Alcuni numeri nell’aula bunker di Rebibbia cadono come macigni per la difesa degli imputati che tentano di dimostrare che “è vero, c’è dentro la 29 giugno, ma anche altre”. Così, ancora una volta emerge che Roma Capitale sforna ogni anno 8.000 procedure di gara per un valore di un miliardo e mezzo di euro. Di queste, l’Anac a campione ne ha analizzate 1.850 nel triennio 2012, 2013 e 2014 e nessuna era stata fatta con un bando pubblico. In soldoni, invece, alla gang di Buzzi e Carminati e alle cooperatie che ruotavano intorno all’affaire appalti il Campidoglio ha “regalato” tanti soldi sotto forma di lavori: 40 alla Eriches, 16 alla 29 giugno e 111milioni di euro alla Domus Caritatis.
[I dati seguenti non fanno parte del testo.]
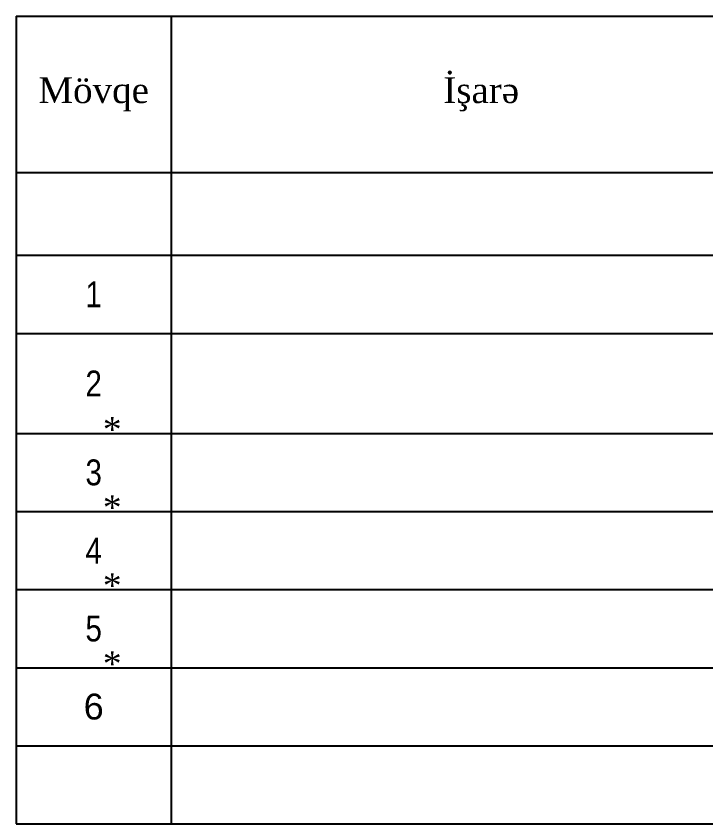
# Model space of a CAD drawing. Header units: millimetres. Extents: x 204354 to 3006910, y 96817 to 586751.
# Drawn here: x 239317 to 250322, y 108645 to 121526 of the extents above; entities that cross this region are included whole.
import ezdxf

# ---------------------------------------------------------------- set-up
doc = ezdxf.new("R2010")
doc.units = ezdxf.units.MM
doc.styles.get("Standard").update_dxf_attribs({"font": 'arial.ttf'})
doc.styles.add('style1', font='ARIALN.TTF', dxfattribs={"height": 300})
doc.styles.add('style5', font='pala.ttf')
doc.styles.add('style6', font='ARIALN.TTF', dxfattribs={"height": 300})
doc.styles.add('Times New Roman', font='times.ttf')

# ---------------------------------------------------------------- blocks, each defined once
blk = doc.blocks.new('*T12')
at = {"color": 0, "linetype": 'ByBlock', "lineweight": -2, "ltscale": 8, "transparency": 16777216}
for p, q in [((0, 0), (30509, 0)), ((0, 0), (0, -12882)), ((2474, 0), (2474, -12882)), ((12369, 0), (12369, -12882)), ((23088, 0), (23088, -3814)), ((24737, 0), (24737, -12882)), ((27211, 0), (27211, -12882)), ((30509, 0), (30509, -12882)), ((0, -2495), (30509, -2495)), ((0, -3814), (30509, -3814)), ((0, -5059), (19460, -5059)), ((23088, -5059), (30509, -5059)), ((0, -6656), (19460, -6656)), ((23088, -6656), (30509, -6656)), ((0, -7901), (19460, -7901)), ((23088, -7901), (30509, -7901)), ((0, -9146), (19460, -9146)), ((23088, -9146), (30509, -9146)), ((0, -10391), (19460, -10391)), ((23088, -10391), (30509, -10391)), ((0, -11637), (19460, -11637)), ((23088, -11637), (30509, -11637)), ((0, -12882), (30509, -12882))]:
    blk.add_line(p, q, dxfattribs=at)
at = {"color": 0, "lineweight": -2, "ltscale": 8, "transparency": 16777216}
for p, q in [((19460, -3814), (19460, -12882)), ((23088, -3814), (23088, -12882)), ((19460, -5059), (23088, -5059)), ((19460, -6656), (23088, -6656)), ((19460, -7901), (23088, -7901)), ((19460, -9146), (23088, -9146)), ((19460, -10391), (23088, -10391)), ((19460, -11637), (23088, -11637))]:
    blk.add_line(p, q, dxfattribs=at)
at = {"color": 0, "ltscale": 8, "transparency": 16777216}
for s, insert, char_height, width, attachment_point, style in [('{\\fPalatino Linotype|b0|i0|c238|p18;Kütlə, vah., kq}', (25974, -1247), 412.29, 1978.99, 5, 'style5'), ('{\\fPalatino Linotype|b0|i0|c238|p18;İşarə}', (7421, -1247), 412.29, 9400.21, 5, 'style5'), ('{\\fTimes New Roman|b0|i0|c238|p18;Mövqe}', (1237, -1247), 412.29, 1978.99, 5, 'style1'), ('{\\fPalatino Linotype|b0|i0|c238|p18;Adı}', (17728, -1247), 412.29, 10224.79, 5, 'style5'), ('{\\fPalatino Linotype|b0|i0|c238|p18;Miq}', (23913, -1247), 412.29, 1154.41, 5, 'style5'), ('{\\fPalatino Linotype|b0|i0|c238|p18;Qeyd}', (28860, -1247), 412.29, 2803.57, 5, 'style5'), ('{\\fArial Narrow|b0|i0|c238|p34;    }  {\\fArial Narrow|b0|i0|c238|p34;     \\fArial Narrow|b0|i0|c204|p34;\\H1.1111x;\\L\\C256;B\\fArial Narrow|b0|i0|c238|p34;ünövr tavası Bt-1\\fArial Narrow|b0|i0|c204|p34;(7.60\\fArial Narrow|b0|i0|c238|p34; \\fArial Narrow|b0|i0|c204|p34;m²)\\fArial Narrow|b0|i0|c238|p34;\\l \\fArial Narrow|b0|i0|c204|p34;\\H1.1111x; \\H0.80998x;  }', (12616, -3154), 412.29, 10224.79, 4, 'style6'), ('1', (1237, -4436), 412, 1978.99, 5, 'style1'), ('∅10A500C', (15914, -4436), 412.3, 6596.64, 5, 'style1'), ('{\\fPalatino Linotype|b0|i0|c238|p18;L=3700mm', (19625, -4436), 412.29, 3298.32, 4, 'style5'), ('{\\fArial|b0|i0|c238|p34;\\W0.75;1\\fArial|b0|i0|c0|p34;0}', (23583, -4436), 412.29, 659.66, 4, 'style1'), ('2.28', (25232, -4436), 412.3, 1484.24, 4, 'style5'), ('22.81', (27706, -4436), 412.3, 2308.82, 4, 'style5'), ('2', (1237, -5858), 412, 1978.99, 5, 'style1'), ('∅10A500C', (15914, -5858), 412.3, 6596.64, 5, 'style1'), ('L=1900mm', (19625, -5858), 412.3, 3298.32, 4, 'style5'), ('{\\fArial|b0|i0|c238|p34;\\W0.75;20}', (23583, -5858), 412.29, 659.66, 4, 'style1'), ('1.17', (25232, -5858), 412.3, 1484.24, 4, 'style5'), ('23.43', (27706, -5858), 412.3, 2308.82, 4, 'style5'), ('3', (1237, -7279), 412, 1978.99, 5, 'style1'), ('∅10A500C', (15914, -7279), 412.3, 6596.64, 5, 'style1'), ('{\\fPalatino Linotype|b0|i0|c238|p18;L=4300mm', (19625, -7279), 412.29, 3298.32, 4, 'style5'), ('{\\fArial|b0|i0|c238|p34;\\W0.75;1\\fArial|b0|i0|c0|p34;0}', (23583, -7279), 412.29, 659.66, 4, 'style1'), ('2.65', (25232, -7279), 412.3, 1484.24, 4, 'style5'), ('26.51', (27706, -7279), 412.3, 2308.82, 4, 'style5'), ('4', (1237, -8524), 412, 1978.99, 5, 'style1'), ('∅10A500C', (15914, -8524), 412.3, 6596.64, 5, 'style1'), ('{\\fPalatino Linotype|b0|i0|c238|p18;L=2600mm', (19625, -8524), 412.29, 3298.32, 4, 'style5'), ('{\\fArial|b0|i0|c238|p34;\\W0.75;20}', (23583, -8524), 412.29, 659.66, 4, 'style1'), ('1.60', (25232, -8524), 412.3, 1484.24, 4, 'style5'), ('32.06', (27706, -8524), 412.3, 2308.82, 4, 'style5'), ('5', (1237, -9769), 412, 1978.99, 5, 'style1'), ('{\\fArial Narrow|b0|i0|c238|p34;∅12A500C', (15914, -9769), 412.29, 6596.64, 5, 'style6'), ('{\\fPalatino Linotype|b0|i0|c238|p18;L=1190mm', (19625, -9769), 412.29, 3298.32, 4, 'style5'), ('{\\fArial|b0|i0|c238|p34;\\W0.75;2\\fArial|b0|i0|c0|p34;0}', (23583, -9769), 412.29, 659.66, 4, 'style1'), ('1.06', (25232, -9769), 412.3, 1484.24, 4, 'style5'), ('21.13', (27706, -9769), 412.3, 2308.82, 4, 'style5'), ('{\\fArial Narrow|b0|i0|c238|p34;∅8A240C', (15914, -11014), 412.29, 6596.64, 5, 'style6'), ('{\\fPalatino Linotype|b0|i0|c238|p18;L=500mm', (19625, -11014), 412.29, 3298.32, 4, 'style5'), ('{\\fArial|b0|i0|c238|p34;\\W0.75;2\\fArial|b0|i0|c0|p34;0}', (23583, -11014), 412.29, 659.66, 4, 'style1'), ('0.20', (25232, -11014), 412.3, 1484.24, 4, 'style5'), ('3.95', (27706, -11014), 412.3, 2308.82, 4, 'style5')]:
    blk.add_mtext(s, dxfattribs=dict(at, insert=insert, char_height=char_height, width=width, attachment_point=attachment_point, style=style))
at = {"color": 0, "ltscale": 8, "transparency": 16777216, "insert": (1237, -11014), "char_height": 412, "width": 1978.99, "attachment_point": 5}
blk.add_mtext('6', dxfattribs=at)

msp = doc.modelspace()

# ---------------------------------------------------------------- block references
msp.add_blockref('*T12', (239316.553, 121526.358))

# ---------------------------------------------------------------- texts
at = {"color": 7, "lineweight": 25, "ltscale": 15, "char_height": 933.6069, "width": 13328.35941, "attachment_point": 1, "style": 'Times New Roman'}
for insert in [(240700.278, 115131.58), (240700.278, 113886.46), (240700.278, 112641.34), (240700.278, 111396.219)]:
    msp.add_mtext('{\\fTimes New Roman|b0|i0|c238|p18;\\H0.42397x;*\\fTimes New Roman|b0|i0|c186|p18;\\H2.3586x;      }', dxfattribs=dict(at, insert=insert))

doc.saveas('drawing.dxf')

L’ufficio da cui sono passati più milioni è sicuramente il X Dipartimento, quello che si occupa del verde pubblico. “Su 292 provvedimenti eseguiti nel 2014 – a spiegare questa volta è il secondo teste, Enza Caporale membro della commissione prefettizia che ha analizzato documenti, bandi e carteggi di tutti i 15 municipi della città – per 824 milioni di euro, tolti gli 804 per affidamento in house, ovvero ad Ama, tutti gli altri sono stati appaltati con gare negoziate, proroghe o affidamenti diretti”. La funzionaria passa poi al caso Ostia, unico municipio sciolto per mafia, riportando alcuni passi della relazione prefettizia che ha salvato Roma dal commissariamento, colpendo solo il X Municipio: la partita spiagge, i lavori affidati a Buzzi dall’ex presidente Pd, Andrea Tassone, per la pulizia di Capocotta e

per la manutenzione degli alberi.

Sono state due ore di audizione in cui la pubblica amministrazione ne esce con le ossa rotte: addirittura si parla di tentativi di annullare bandi da parte del direttore dell’Urbanistica, Paolo Cafaggi, quando la commissione aveva già aggiudicato tutto. Ma anche di gare in cui l’unica impresa che vi ha partecipato e che poi ha inesorabilmente vinto, era legata a doppio filo con la criminalità di Ostia, i Fasciani.